Print, exactly as they appear in the listing below, the lines from the line with "MAX_LOAD = 2" to the line with "SYN_NUM = 4", with both end lines kept.

## RAW DATA
------------
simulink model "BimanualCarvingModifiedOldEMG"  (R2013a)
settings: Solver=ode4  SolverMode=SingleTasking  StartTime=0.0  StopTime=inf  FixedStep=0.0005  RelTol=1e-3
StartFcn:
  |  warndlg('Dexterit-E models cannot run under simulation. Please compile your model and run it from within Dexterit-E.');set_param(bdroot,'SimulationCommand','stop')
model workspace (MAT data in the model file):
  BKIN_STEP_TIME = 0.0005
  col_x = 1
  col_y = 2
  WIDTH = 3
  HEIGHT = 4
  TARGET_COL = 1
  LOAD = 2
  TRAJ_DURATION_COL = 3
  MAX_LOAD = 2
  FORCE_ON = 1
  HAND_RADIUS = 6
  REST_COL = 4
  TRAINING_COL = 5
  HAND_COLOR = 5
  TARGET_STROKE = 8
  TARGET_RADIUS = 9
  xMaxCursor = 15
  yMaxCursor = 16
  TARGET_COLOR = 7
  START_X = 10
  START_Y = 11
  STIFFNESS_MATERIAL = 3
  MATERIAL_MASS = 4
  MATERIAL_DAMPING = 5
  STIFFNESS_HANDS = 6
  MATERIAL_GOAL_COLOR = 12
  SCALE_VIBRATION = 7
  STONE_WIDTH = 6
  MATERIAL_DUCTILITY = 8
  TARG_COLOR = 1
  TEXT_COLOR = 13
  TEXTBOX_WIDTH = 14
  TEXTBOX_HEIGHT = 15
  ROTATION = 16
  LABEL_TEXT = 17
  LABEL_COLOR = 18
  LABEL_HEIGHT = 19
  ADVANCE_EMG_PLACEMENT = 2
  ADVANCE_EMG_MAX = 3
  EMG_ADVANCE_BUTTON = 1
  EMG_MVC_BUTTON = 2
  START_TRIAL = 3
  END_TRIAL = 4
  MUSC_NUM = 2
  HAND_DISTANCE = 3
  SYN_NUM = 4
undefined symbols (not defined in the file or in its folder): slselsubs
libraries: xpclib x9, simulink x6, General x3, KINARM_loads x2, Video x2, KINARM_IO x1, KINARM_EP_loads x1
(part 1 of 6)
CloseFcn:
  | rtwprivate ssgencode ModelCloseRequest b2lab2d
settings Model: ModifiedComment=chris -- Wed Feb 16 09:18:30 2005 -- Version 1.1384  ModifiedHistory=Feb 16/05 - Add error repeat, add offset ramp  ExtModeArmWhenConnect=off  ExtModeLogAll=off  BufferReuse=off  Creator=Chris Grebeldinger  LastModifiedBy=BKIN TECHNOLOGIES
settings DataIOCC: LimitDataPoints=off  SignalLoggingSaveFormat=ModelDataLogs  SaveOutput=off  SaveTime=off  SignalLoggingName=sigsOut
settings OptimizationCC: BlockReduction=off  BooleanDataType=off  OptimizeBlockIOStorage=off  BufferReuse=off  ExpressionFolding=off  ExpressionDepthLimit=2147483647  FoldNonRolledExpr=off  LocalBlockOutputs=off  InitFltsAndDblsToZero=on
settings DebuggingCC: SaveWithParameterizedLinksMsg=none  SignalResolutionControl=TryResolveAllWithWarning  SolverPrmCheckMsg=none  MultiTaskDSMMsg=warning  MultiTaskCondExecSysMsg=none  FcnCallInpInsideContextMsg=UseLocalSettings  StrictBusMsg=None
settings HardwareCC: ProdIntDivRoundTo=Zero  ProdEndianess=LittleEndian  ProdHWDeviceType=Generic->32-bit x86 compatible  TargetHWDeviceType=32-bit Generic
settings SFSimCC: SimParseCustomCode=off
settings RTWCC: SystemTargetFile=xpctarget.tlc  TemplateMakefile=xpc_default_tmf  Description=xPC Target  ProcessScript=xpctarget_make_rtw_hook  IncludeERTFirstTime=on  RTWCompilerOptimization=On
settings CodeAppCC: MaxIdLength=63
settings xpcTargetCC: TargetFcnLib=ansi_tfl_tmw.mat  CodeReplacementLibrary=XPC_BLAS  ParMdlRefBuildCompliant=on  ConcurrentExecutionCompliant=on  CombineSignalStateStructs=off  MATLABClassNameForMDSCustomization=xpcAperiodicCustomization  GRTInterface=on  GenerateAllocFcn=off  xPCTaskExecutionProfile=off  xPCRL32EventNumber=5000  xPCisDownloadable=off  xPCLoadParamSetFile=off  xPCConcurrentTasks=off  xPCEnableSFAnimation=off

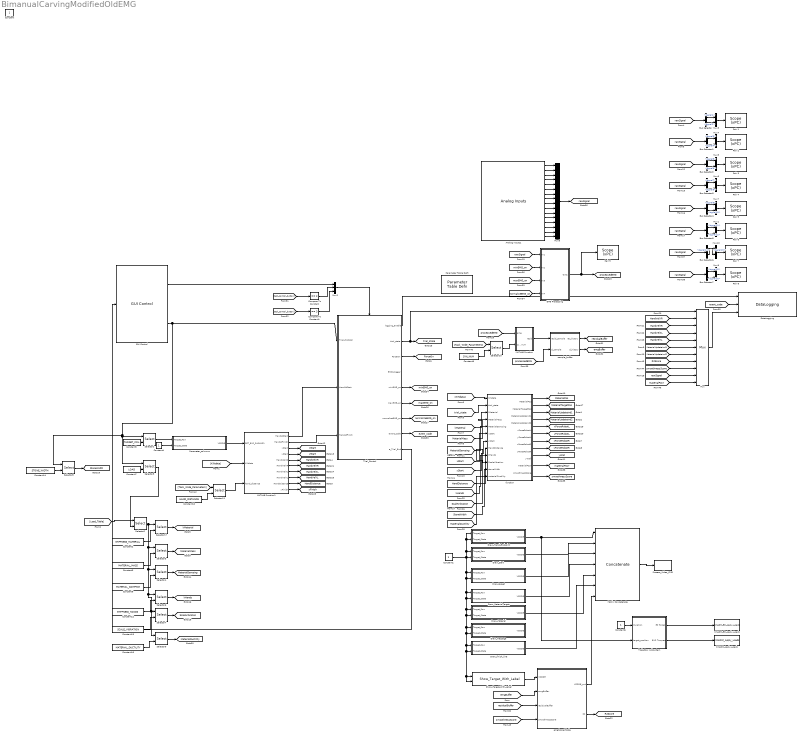
== system BimanualCarvingModifiedOldEMG ==
  Analog Inputs1 : KINARM_IO/Analog Inputs  channel=[1,2,3,4,5,6,7,8,9,10,11,12,13,14,15,16]  range=[5]  coupling=[0]  scantime6071e=1.28e-5  scantime6229=5e-6  sampletime=0.001  slot=-1  oscantime6071e=0
  Bus Selector : BusSelector  OutputSignals=signal1,signal2
  Bus Selector1 : BusSelector  OutputSignals=signal3,signal4
  Bus Selector2 : BusSelector  OutputSignals=signal5,signal6
  Bus Selector3 : BusSelector  OutputSignals=signal7,signal8
  Bus Selector4 : BusSelector  OutputSignals=signal9,signal10
  Bus Selector5 : BusSelector  OutputSignals=signal11,signal12
  Bus Selector6 : BusSelector  OutputSignals=signal13,signal14
  Bus Selector7 : BusSelector  OutputSignals=signal15,signal16
  Compare To Constant : simulink/Logic and Bit Operations/Compare To Constant  relop===  const=2  OutDataTypeStr=boolean
  Compare To Constant1 : simulink/Logic and Bit Operations/Compare To Constant  relop===  const=3  OutDataTypeStr=boolean
  Constant1 : Constant
  Constant10 : Constant  Value=HAND_DISTANCE
  Constant12 : Constant  Value=STIFFNESS_HANDS
  Constant13 : Constant  Value=SCALE_VIBRATION
  Constant14 : Constant  Value=STONE_WIDTH
  Constant16 : Constant  Value=MATERIAL_DUCTILITY
  Constant2 : Constant  Value=STIFFNESS_MATERIAL
  Constant3 : Constant  Value=MATERIAL_MASS
  Constant4 : Constant
  Constant5 : Constant  Value=TARGET_COL
  Constant6 : Constant
  Constant7 : Constant  Value=LOAD
  Constant8 : Constant  Value=MATERIAL_DAMPING
  Constant9 : Constant  Value=SYN_NUM
  DataLogging : General/DataLogging  log_event_codes=on  log_analog_inputs=on
      link override Poll KINARM/EPTorqueCMD: GotoTag=KINARMEPTorqueCMD
      link override Poll KINARM/TorqueCMD: GotoTag=KINARMTorqueCMD
      link override Poll KINARM/ZeroEPTorque: Value=[0 0 0 0]
      link override Poll KINARM/ZeroTorque: Value=[0 0 0 0]
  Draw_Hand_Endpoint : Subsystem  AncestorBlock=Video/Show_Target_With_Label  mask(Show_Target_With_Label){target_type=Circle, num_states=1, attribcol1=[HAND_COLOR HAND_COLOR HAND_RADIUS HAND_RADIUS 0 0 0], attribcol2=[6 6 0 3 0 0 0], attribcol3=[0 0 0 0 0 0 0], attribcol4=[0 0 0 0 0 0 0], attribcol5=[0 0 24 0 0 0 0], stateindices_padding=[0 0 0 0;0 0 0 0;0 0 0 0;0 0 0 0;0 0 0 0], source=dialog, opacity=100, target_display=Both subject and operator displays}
------------
## EXERCISE RESPONSE
  MAX_LOAD = 2
  FORCE_ON = 1
  HAND_RADIUS = 6
  REST_COL = 4
  TRAINING_COL = 5
  HAND_COLOR = 5
  TARGET_STROKE = 8
  TARGET_RADIUS = 9
  xMaxCursor = 15
  yMaxCursor = 16
  TARGET_COLOR = 7
  START_X = 10
  START_Y = 11
  STIFFNESS_MATERIAL = 3
  MATERIAL_MASS = 4
  MATERIAL_DAMPING = 5
  STIFFNESS_HANDS = 6
  MATERIAL_GOAL_COLOR = 12
  SCALE_VIBRATION = 7
  STONE_WIDTH = 6
  MATERIAL_DUCTILITY = 8
  TARG_COLOR = 1
  TEXT_COLOR = 13
  TEXTBOX_WIDTH = 14
  TEXTBOX_HEIGHT = 15
  ROTATION = 16
  LABEL_TEXT = 17
  LABEL_COLOR = 18
  LABEL_HEIGHT = 19
  ADVANCE_EMG_PLACEMENT = 2
  ADVANCE_EMG_MAX = 3
  EMG_ADVANCE_BUTTON = 1
  EMG_MVC_BUTTON = 2
  START_TRIAL = 3
  END_TRIAL = 4
  MUSC_NUM = 2
  HAND_DISTANCE = 3
  SYN_NUM = 4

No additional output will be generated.